Digital asset company 21.co’s analyst Tom Wan believes that liquidity mining is an untapped potential in the decentralized finance (DeFi) field of Layer 1 blockchain Solana, which could increase its total value locked (TVL) from 15 billion to 170 billion US dollars.
Tom Wan pointed out on the X platform that despite a pledge rate of over 60%, only 6% (34 billion US dollars) of the pledged SOL comes from liquidity mining. In comparison, Ethereum has 32% of pledges coming from liquidity mining.
Tom Wan believes that the reason for this difference lies in the existence of an in-protocol delegation mechanism. He stated that Solana provides a simple way for SOL token pledgers to delegate SOL natively, while the liquidity mining platform Lido is one of the few early methods for delegating Ether (ETH) to earn staking rewards.
Overview of Solana liquidity mining market
Tom Wan stated that Solana’s liquidity mining tokens (LSTs) have a more balanced market share compared to Ethereum. On Ethereum, 68% of the market share comes from Lido, while LSTs on Solana are more concentrated, with the top three LSTs accounting for 80% of the market share.
Tom Wan mentioned that in the early stages, the Solana liquidity mining market was dominated by Lido’s stSOL (33%), Marinade’s mSOL (60%), and Sanctum’s scnSOL (7%), with the total market value of LSTs on Solana being less than 1 billion US dollars. He attributed the lack of adoption of liquidity mining to marketing and integration, as there were not many high-quality DeFi protocols supporting LSTs at the time, and the market focus was not on liquidity mining.

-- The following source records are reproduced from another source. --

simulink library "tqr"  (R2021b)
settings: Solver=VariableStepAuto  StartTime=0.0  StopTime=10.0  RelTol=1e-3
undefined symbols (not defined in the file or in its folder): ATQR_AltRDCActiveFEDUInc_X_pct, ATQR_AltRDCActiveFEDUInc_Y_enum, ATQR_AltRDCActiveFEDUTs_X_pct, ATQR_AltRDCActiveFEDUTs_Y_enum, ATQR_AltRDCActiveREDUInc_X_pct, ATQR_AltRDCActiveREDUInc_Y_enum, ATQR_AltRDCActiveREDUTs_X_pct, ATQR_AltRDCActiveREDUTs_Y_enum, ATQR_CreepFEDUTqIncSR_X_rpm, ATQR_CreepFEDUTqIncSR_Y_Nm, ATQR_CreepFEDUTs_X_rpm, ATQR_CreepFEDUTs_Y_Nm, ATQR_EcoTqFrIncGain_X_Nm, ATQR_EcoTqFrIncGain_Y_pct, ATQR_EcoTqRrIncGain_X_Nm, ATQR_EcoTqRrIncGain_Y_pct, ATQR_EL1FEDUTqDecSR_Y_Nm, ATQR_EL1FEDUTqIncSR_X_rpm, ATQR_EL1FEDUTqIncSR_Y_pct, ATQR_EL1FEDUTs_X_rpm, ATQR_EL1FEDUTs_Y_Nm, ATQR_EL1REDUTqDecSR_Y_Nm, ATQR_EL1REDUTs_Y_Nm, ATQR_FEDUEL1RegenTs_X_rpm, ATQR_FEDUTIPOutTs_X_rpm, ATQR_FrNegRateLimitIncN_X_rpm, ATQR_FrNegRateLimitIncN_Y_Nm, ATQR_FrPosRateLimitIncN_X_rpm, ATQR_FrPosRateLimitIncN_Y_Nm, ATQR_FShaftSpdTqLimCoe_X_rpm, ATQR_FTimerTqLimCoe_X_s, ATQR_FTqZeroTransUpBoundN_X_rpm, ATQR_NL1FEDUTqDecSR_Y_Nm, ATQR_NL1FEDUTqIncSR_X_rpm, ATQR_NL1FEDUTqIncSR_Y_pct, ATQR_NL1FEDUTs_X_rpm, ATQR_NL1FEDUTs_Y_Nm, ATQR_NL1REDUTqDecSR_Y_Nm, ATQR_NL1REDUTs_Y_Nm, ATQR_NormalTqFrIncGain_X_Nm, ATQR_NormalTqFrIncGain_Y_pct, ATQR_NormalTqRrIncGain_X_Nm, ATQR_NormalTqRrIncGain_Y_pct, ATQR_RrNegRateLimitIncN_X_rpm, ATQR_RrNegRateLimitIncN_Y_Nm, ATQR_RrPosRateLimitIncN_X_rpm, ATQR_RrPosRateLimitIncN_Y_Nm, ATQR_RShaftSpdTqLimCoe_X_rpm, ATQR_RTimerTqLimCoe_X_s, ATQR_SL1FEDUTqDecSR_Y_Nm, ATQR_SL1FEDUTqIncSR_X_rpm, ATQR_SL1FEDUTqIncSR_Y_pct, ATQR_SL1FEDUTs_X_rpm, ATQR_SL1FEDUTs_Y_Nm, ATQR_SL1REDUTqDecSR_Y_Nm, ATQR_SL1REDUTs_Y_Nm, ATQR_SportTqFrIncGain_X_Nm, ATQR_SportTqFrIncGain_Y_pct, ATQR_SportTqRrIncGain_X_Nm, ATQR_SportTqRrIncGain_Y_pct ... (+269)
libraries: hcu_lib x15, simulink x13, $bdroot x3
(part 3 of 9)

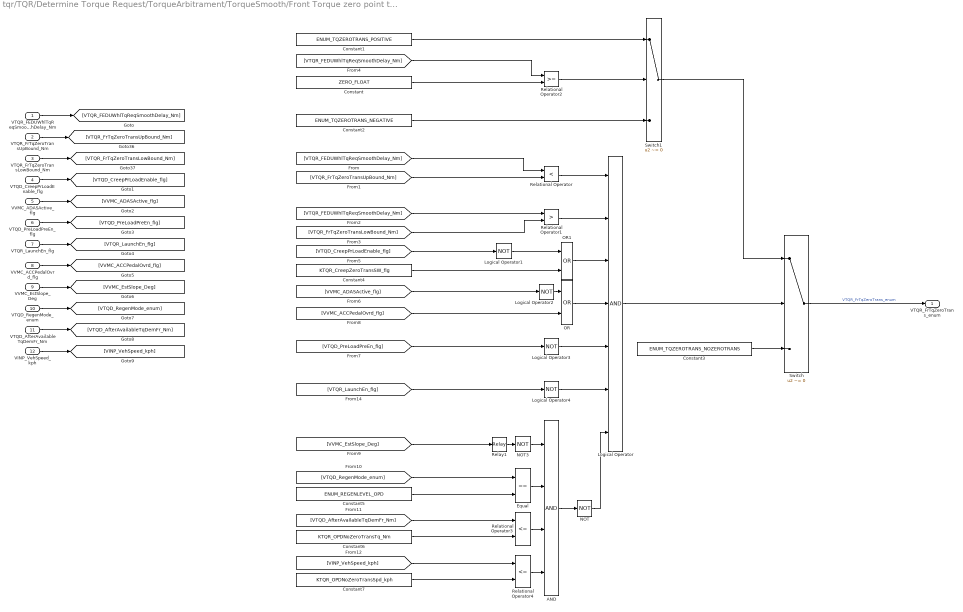
== system tqr/TQR/Determine Torque Request/TorqueArbitrament/TorqueSmooth/Front Torque zero point transfer status determination  ==
  VTQR_FEDUWhlTqReqSmoothDelay_Nm : Inport
  VTQR_FrTqZeroTransUpBound_Nm : Inport  Port=2
  VTQR_FrTqZeroTransLowBound_Nm : Inport  Port=3
  VTQD_CreepPrLoadEnable_flg : Inport  Port=4
  VVMC_ADASActive_flg : Inport  Port=5
  VTQD_PreLoadPreEn_flg : Inport  Port=6
  VTQR_LaunchEn_flg : Inport  Port=7
  VVMC_ACCPedalOvrd_flg : Inport  Port=8
  VVMC_EstSlope_Deg : Inport  Port=9
  VTQD_RegenMode_enum : Inport  Port=10
  VTQD_AfterAvailableTqDemFr_Nm : Inport  Port=11
  VINP_VehSpeed_kph : Inport  Port=12
  AND : Logic  Inputs=4  AllPortsSameDT=off  OutDataTypeStr=boolean
  Constant : Constant  Value=ZERO_FLOAT
  Constant1 : Constant  Value=ENUM_TQZEROTRANS_POSITIVE
  Constant2 : Constant  Value=ENUM_TQZEROTRANS_NEGATIVE
  Constant3 : Constant  Value=ENUM_TQZEROTRANS_NOZEROTRANS
  Constant4 : Constant  Value=KTQR_CreepZeroTransSW_flg
  Constant5 : Constant  Value=ENUM_REGENLEVEL_OPD
  Constant6 : Constant  Value=KTQR_OPDNoZeroTransTq_Nm
  Constant7 : Constant  Value=KTQR_OPDNoZeroTransSpd_kph
  Equal : RelationalOperator  Operator===  OutDataTypeStr=boolean  RndMeth=Simplest
  Logical Operator : Logic  Inputs=7  AllPortsSameDT=off  OutDataTypeStr=boolean
  Logical Operator{1..4} (4 alike) : Logic  Operator=NOT  AllPortsSameDT=off  OutDataTypeStr=boolean
  NOT : Logic  Operator=NOT  AllPortsSameDT=off  OutDataTypeStr=boolean
  NOT3 : Logic  Operator=NOT  AllPortsSameDT=off  OutDataTypeStr=boolean
  OR : Logic  Operator=OR  AllPortsSameDT=off  OutDataTypeStr=boolean
  OR1 : Logic  Operator=OR  AllPortsSameDT=off  OutDataTypeStr=boolean
  Relational Operator : RelationalOperator  Operator=<  OutDataTypeStr=boolean  RndMeth=Simplest
  Relational Operator1 : RelationalOperator  Operator=>  OutDataTypeStr=boolean  RndMeth=Simplest
  Relational Operator2 : RelationalOperator  OutDataTypeStr=boolean  RndMeth=Simplest
  Relational Operator3 : RelationalOperator  Operator=<=  OutDataTypeStr=boolean  RndMeth=Simplest
  Relational Operator4 : RelationalOperator  Operator=<=  OutDataTypeStr=boolean  RndMeth=Simplest
  Relay1 : Relay  OnSwitchValue=KTQD_OPDHoldGradeUp_Deg  OffSwitchValue=KTQD_OPDHoldGradeDown_Deg  OutDataTypeStr=boolean
  Switch : Switch  Criteria=u2 ~= 0
  Switch1 : Switch  Criteria=u2 ~= 0
  VTQR_FrTqZeroTrans_enum : Outport
  wires:
  VTQR_FEDUWhlTqReqSmoothDelay_Nm/1 -> [VTQR_FEDUWhlTqReqSmoothDelay_Nm]
  VTQR_FrTqZeroTransUpBound_Nm/1 -> [VTQR_FrTqZeroTransUpBound_Nm]
  VTQR_FrTqZeroTransLowBound_Nm/1 -> [VTQR_FrTqZeroTransLowBound_Nm]
  VTQD_CreepPrLoadEnable_flg/1 -> [VTQD_CreepPrLoadEnable_flg]
  VVMC_ADASActive_flg/1 -> [VVMC_ADASActive_flg]
  VTQD_PreLoadPreEn_flg/1 -> [VTQD_PreLoadPreEn_flg]
  VTQR_LaunchEn_flg/1 -> [VTQR_LaunchEn_flg]
  VVMC_ACCPedalOvrd_flg/1 -> [VVMC_ACCPedalOvrd_flg]
  Logical Operator2/1 -> OR/1
  [VTQR_LaunchEn_flg] -> Logical Operator4/1
  Relational Operator1/1 -> Logical Operator/2
  Relational Operator2/1 -> Switch1/2
  [VTQR_FrTqZeroTransLowBound_Nm] -> Relational Operator1/2
  OR/1 -> Logical Operator/4
  [VVMC_ACCPedalOvrd_flg] -> OR/2
  Logical Operator/1 -> Switch/2
  Logical Operator4/1 -> Logical Operator/6
  [VTQR_FEDUWhlTqReqSmoothDelay_Nm] -> Relational Operator2/1
  [VVMC_ADASActive_flg] -> Logical Operator2/1
  Switch1/1 -> Switch/1
  Logical Operator3/1 -> Logical Operator/5
  [VTQR_FEDUWhlTqReqSmoothDelay_Nm] -> Relational Operator/1
  Constant3/1 -> Switch/3
  [VTQD_PreLoadPreEn_flg] -> Logical Operator3/1
  [VTQD_CreepPrLoadEnable_flg] -> Logical Operator1/1
  Constant2/1 -> Switch1/3
  Constant1/1 -> Switch1/1
  Relational Operator/1 -> Logical Operator/1
  [VTQR_FrTqZeroTransUpBound_Nm] -> Relational Operator/2
  [VTQR_FEDUWhlTqReqSmoothDelay_Nm] -> Relational Operator1/1
  Constant/1 -> Relational Operator2/2
  Switch/1 -> VTQR_FrTqZeroTrans_enum/1  "VTQR_FrTqZeroTrans_enum"
  OR1/1 -> Logical Operator/3
  Logical Operator1/1 -> OR1/1
  Constant4/1 -> OR1/2
  Constant6/1 -> Relational Operator3/2
  NOT3/1 -> AND/1
  Constant7/1 -> Relational Operator4/2
  NOT/1 -> Logical Operator/7
  Relay1/1 -> NOT3/1
  Relational Operator3/1 -> AND/3
  Relational Operator4/1 -> AND/4
  Equal/1 -> AND/2
  Constant5/1 -> Equal/2
  AND/1 -> NOT/1
  [VVMC_EstSlope_Deg] -> Relay1/1
  [VTQD_RegenMode_enum] -> Equal/1
  [VTQD_AfterAvailableTqDemFr_Nm] -> Relational Operator3/1
  [VINP_VehSpeed_kph] -> Relational Operator4/1
  VINP_VehSpeed_kph/1 -> [VINP_VehSpeed_kph]
  VTQD_AfterAvailableTqDemFr_Nm/1 -> [VTQD_AfterAvailableTqDemFr_Nm]
  VTQD_RegenMode_enum/1 -> [VTQD_RegenMode_enum]
  VVMC_EstSlope_Deg/1 -> [VVMC_EstSlope_Deg]

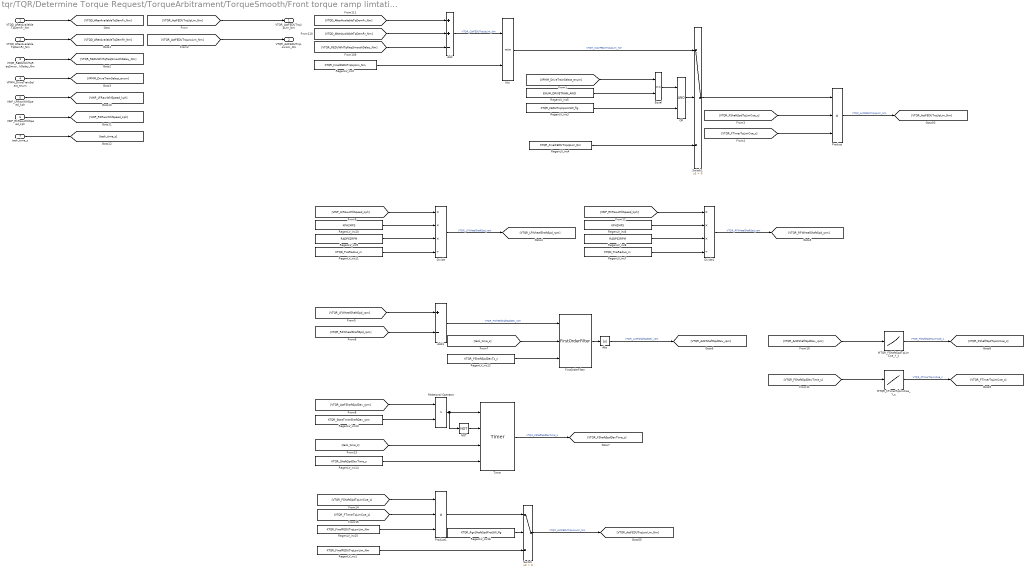
== system tqr/TQR/Determine Torque Request/TorqueArbitrament/TorqueSmooth/Front torque ramp limtation and determination ==
  VTQD_AfterAvailableTqDemFr_Nm : Inport
  VTQD_AfterAvailableTqDemRr_Nm : Inport  Port=2
  VTQR_REDUWhlTqReqSmoothDelay_Nm : Inport  Port=3
  VPMM_DriveTrainSelect_enum : Inport  Port=4
  VINP_LFRawWhlSpeed_kph : Inport  Port=5
  VINP_RFRawWhlSpeed_kph : Inport  Port=6
  task_time_s : Inport  Port=7
  Abs : Abs
  Add : Sum  Inputs=++-
  Add1 : Sum  Inputs=+-
  Divide : Product  Inputs=***/
  Divide1 : Product  Inputs=***/
  Equal : RelationalOperator  Operator===  OutDataTypeStr=boolean  RndMeth=Simplest
  FirstOrderFilter : hcu_lib/Basic_Blocks/FirstOrderFilter
  MTQR_FShaftSpdTqLimCoe_Y_c : Lookup_n-D  NumberOfTableDimensions=1  BreakpointsForDimension1=ATQR_FShaftSpdTqLimCoe_X_rpm  Table=MTQR_FShaftSpdTqLimCoe_Y_c  InternalRulePriority=Speed  RndMeth=Simplest  InputSameDT=on
  MTQR_FTimerTqLimCoe_Y_c : Lookup_n-D  NumberOfTableDimensions=1  BreakpointsForDimension1=ATQR_FTimerTqLimCoe_X_s  Table=MTQR_FTimerTqLimCoe_Y_c  InternalRulePriority=Speed  RndMeth=Simplest  InputSameDT=on
  Min : MinMax  Inputs=2
  NOT : Logic  Operator=NOT  AllPortsSameDT=off  OutDataTypeStr=boolean
  OR : Logic  AllPortsSameDT=off  OutDataTypeStr=boolean
  Product : Product  Inputs=3
  Product1 : Product  Inputs=3
  RegenLV_inc1 : Constant  Value=KTQR_FinalFEDUTrqLowLim_Nm  OutDataTypeStr=single
  RegenLV_inc10 : Constant  Value=KPH2MPS  OutDataTypeStr=single
  RegenLV_inc11 : Constant  Value=KTQD_TireRadius_m  OutDataTypeStr=single
  RegenLV_inc12 : Constant  Value=KTQR_FShaftSpdDevTs_c  OutDataTypeStr=single
  RegenLV_inc13 : Constant  Value=KTQR_StartTimerShaftDev_rpm  OutDataTypeStr=single
  RegenLV_inc14 : Constant  Value=KTQR_ShaftSpdDevTime_s  OutDataTypeStr=single
  RegenLV_inc15 : Constant  Value=KTQR_FinalFEDUTrqLowLim_Nm  OutDataTypeStr=single
  RegenLV_inc16 : Constant  Value=KTQR_RgnShaftSpdProtSW_flg  OutDataTypeStr=single
  RegenLV_inc2 : Constant  Value=KTQR_FinalFEDUTrqUpLim_Nm  OutDataTypeStr=single
  RegenLV_inc3 : Constant  Value=KTQR_FEDUTrqUpLimSW_flg  OutDataTypeStr=single
  RegenLV_inc4 : Constant  Value=KTQR_FinalFEDUTrqUpLim_Nm  OutDataTypeStr=single
  RegenLV_inc5 : Constant  Value=ENUM_DRIVETRAIN_AWD  OutDataTypeStr=single
  RegenLV_inc6 : Constant  Value=KPH2MPS  OutDataTypeStr=single
  RegenLV_inc7 : Constant  Value=KTQD_TireRadius_m  OutDataTypeStr=single
  RegenLV_inc8 : Constant  Value=RADPS2RPM  OutDataTypeStr=single
  RegenLV_inc9 : Constant  Value=RADPS2RPM  OutDataTypeStr=single
  Relational Operator : RelationalOperator  Operator=>  OutDataTypeStr=boolean  RndMeth=Simplest
  Switch : Switch  Criteria=u2 > Threshold
  Switch1 : Switch  Criteria=u2 > Threshold
  Timer : hcu_lib/Basic_Blocks/Timer
  VTQR_ActFEDUTrqUpLim_Nm : Outport
  VTQR_ActFEDUTrqLowLim_Nm : Outport  Port=2
  wires:
  Add/1 -> Min/1  "VTQR_CalFEDUTrqUpLim_Nm"
  RegenLV_inc2/1 -> Min/2
  Min/1 -> Switch1/1  "VTQR_CoorFEDUTrqUpLim_Nm"
  [VTQD_AfterAvailableTqDemFr_Nm] -> Add/1
  [VTQD_AfterAvailableTqDemRr_Nm] -> Add/2
  RegenLV_inc4/1 -> Switch1/3
  VTQD_AfterAvailableTqDemFr_Nm/1 -> [VTQD_AfterAvailableTqDemFr_Nm]
  VTQD_AfterAvailableTqDemRr_Nm/1 -> [VTQD_AfterAvailableTqDemRr_Nm]
  VTQR_REDUWhlTqReqSmoothDelay_Nm/1 -> [VTQR_REDUWhlTqReqSmoothDelay_Nm]
  VPMM_DriveTrainSelect_enum/1 -> [VPMM_DriveTrainSelect_enum]
  [VTQR_REDUWhlTqReqSmoothDelay_Nm] -> Add/3
  [VTQR_ActFEDUTrqLowLim_Nm] -> VTQR_ActFEDUTrqLowLim_Nm/1
  [VTQR_ActFEDUTrqUpLim_Nm] -> VTQR_ActFEDUTrqUpLim_Nm/1
  [VPMM_DriveTrainSelect_enum] -> Equal/1
  RegenLV_inc5/1 -> Equal/2
  RegenLV_inc3/1 -> OR/2
  OR/1 -> Switch1/2
  Equal/1 -> OR/1
  [VTQR_FShaftSpdDevTime_s] -> MTQR_FTimerTqLimCoe_Y_c/1
  MTQR_FTimerTqLimCoe_Y_c/1 -> [VTQR_FTimerTqLimCoe_c]  "VTQR_FTimerTqLimCoe_c"
  Timer/1 -> [VTQR_FShaftSpdDevTime_s]  "VTQR_FShaftSpdDevTime_s"
  [VTQR_RFWheelShaftSpd_rpm] -> Add1/2
  [VTQR_ActFShaftSpdDev_rpm] -> Relational Operator/1
  Relational Operator/1 -> Timer/1, NOT/1
  MTQR_FShaftSpdTqLimCoe_Y_c/1 -> [VTQR_FShaftSpdTqLimCoe_c]  "VTQR_FShaftSpdTqLimCoe_c"
  RegenLV_inc12/1 -> FirstOrderFilter/3
  RegenLV_inc14/1 -> Timer/4
  [task_time_s] -> Timer/3
  RegenLV_inc9/1 -> Divide/3
  RegenLV_inc6/1 -> Divide1/2
  RegenLV_inc10/1 -> Divide/2
  RegenLV_inc13/1 -> Relational Operator/2
  RegenLV_inc8/1 -> Divide1/3
  [VTQR_ActFShaftSpdDev_rpm] -> MTQR_FShaftSpdTqLimCoe_Y_c/1
  Divide/1 -> [VTQR_LFWheelShaftSpd_rpm]  "VTQR_LFWheelShaftSpd_rpm"
  RegenLV_inc7/1 -> Divide1/4
  Divide1/1 -> [VTQR_RFWheelShaftSpd_rpm]  "VTQR_RFWheelShaftSpd_rpm"
  RegenLV_inc11/1 -> Divide/4
  Add1/1 -> FirstOrderFilter/1  "VTQR_FWheelShaftSpdDev_rpm"
  NOT/1 -> Timer/2
  [VTQR_LFWheelShaftSpd_rpm] -> Add1/1
  [task_time_s] -> FirstOrderFilter/2
  Abs/1 -> [VTQR_ActFShaftSpdDev_rpm]  "VTQR_ActFShaftSpdDev_rpm"
  FirstOrderFilter/1 -> Abs/1
  [VINP_LFRawWhlSpeed_kph] -> Divide/1
  [VINP_RFRawWhlSpeed_kph] -> Divide1/1
  VINP_RFRawWhlSpeed_kph/1 -> [VINP_RFRawWhlSpeed_kph]
  task_time_s/1 -> [task_time_s]
  VINP_LFRawWhlSpeed_kph/1 -> [VINP_LFRawWhlSpeed_kph]
  Switch1/1 -> Product/1
  [VTQR_FTimerTqLimCoe_c] -> Product/3
  [VTQR_FShaftSpdTqLimCoe_c] -> Product/2
  Product/1 -> [VTQR_ActFEDUTrqUpLim_Nm]  "VTQR_ActFEDUTrqUpLim_Nm"
  Product1/1 -> Switch/1
  RegenLV_inc16/1 -> Switch/2
  RegenLV_inc1/1 -> Switch/3
  Switch/1 -> [VTQR_ActFEDUTrqLowLim_Nm]  "VTQR_ActFEDUTrqLowLim_Nm"
  RegenLV_inc15/1 -> Product1/3
  [VTQR_FShaftSpdTqLimCoe_c] -> Product1/1
  [VTQR_FTimerTqLimCoe_c] -> Product1/2

== system tqr/TQR/Determine Torque Request/TorqueArbitrament/TorqueSmooth/Front wheel first order filter input torque command determination ==
  VTQR_FrTqZeroTrans_enum : Inport
  VTQR_FrTqZeroTransUpBound_Nm : Inport  Port=2
  VTQR_FrTqZeroTransLowBound_Nm : Inport  Port=3
  VTQD_AfterAvailableTqDemFr_Nm : Inport  Port=4
  VTQR_FrFirstOrderOutTqDelay_Nm : Inport  Port=5
  VTQR_FrGearChange_flg : Inport  Port=6
  VTQR_RampTqCMDGain_c : Inport  Port=7
  AND : Logic  AllPortsSameDT=off  OutDataTypeStr=boolean
  Constant1 : Constant  Value=ZERO_FLOAT
  Constant2 : Constant  Value=KTQR_GearChangeTqSW_flg
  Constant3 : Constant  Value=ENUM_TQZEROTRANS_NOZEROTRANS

However, with the launch of the liquidity mining protocol Jito on Solana in November 2022, which introduced the liquidity mining token jitoSOL, they managed to surpass stSOL and mSOL, becoming the most dominant liquidity mining token on Solana with a 46% market share.
How to expand the Solana liquidity mining market?
Tom Wan believes that the key factors for the success of Solana’s liquidity mining tokens include liquidity, DeFi integration, partnerships, and chain expansion as an option. He pointed out that LSTs have driven the development of the Ethereum DeFi ecosystem and can similarly help significantly increase Solana’s TVL.
Tom Wan gave an example that 40% of the TVL of Ethereum lending protocol AAVE v3 comes from wstETH (wrapped stETH), which can serve as collateral to generate income and unlock more potential for DeFi projects like Pendle, Eigenlayer, and Ethena.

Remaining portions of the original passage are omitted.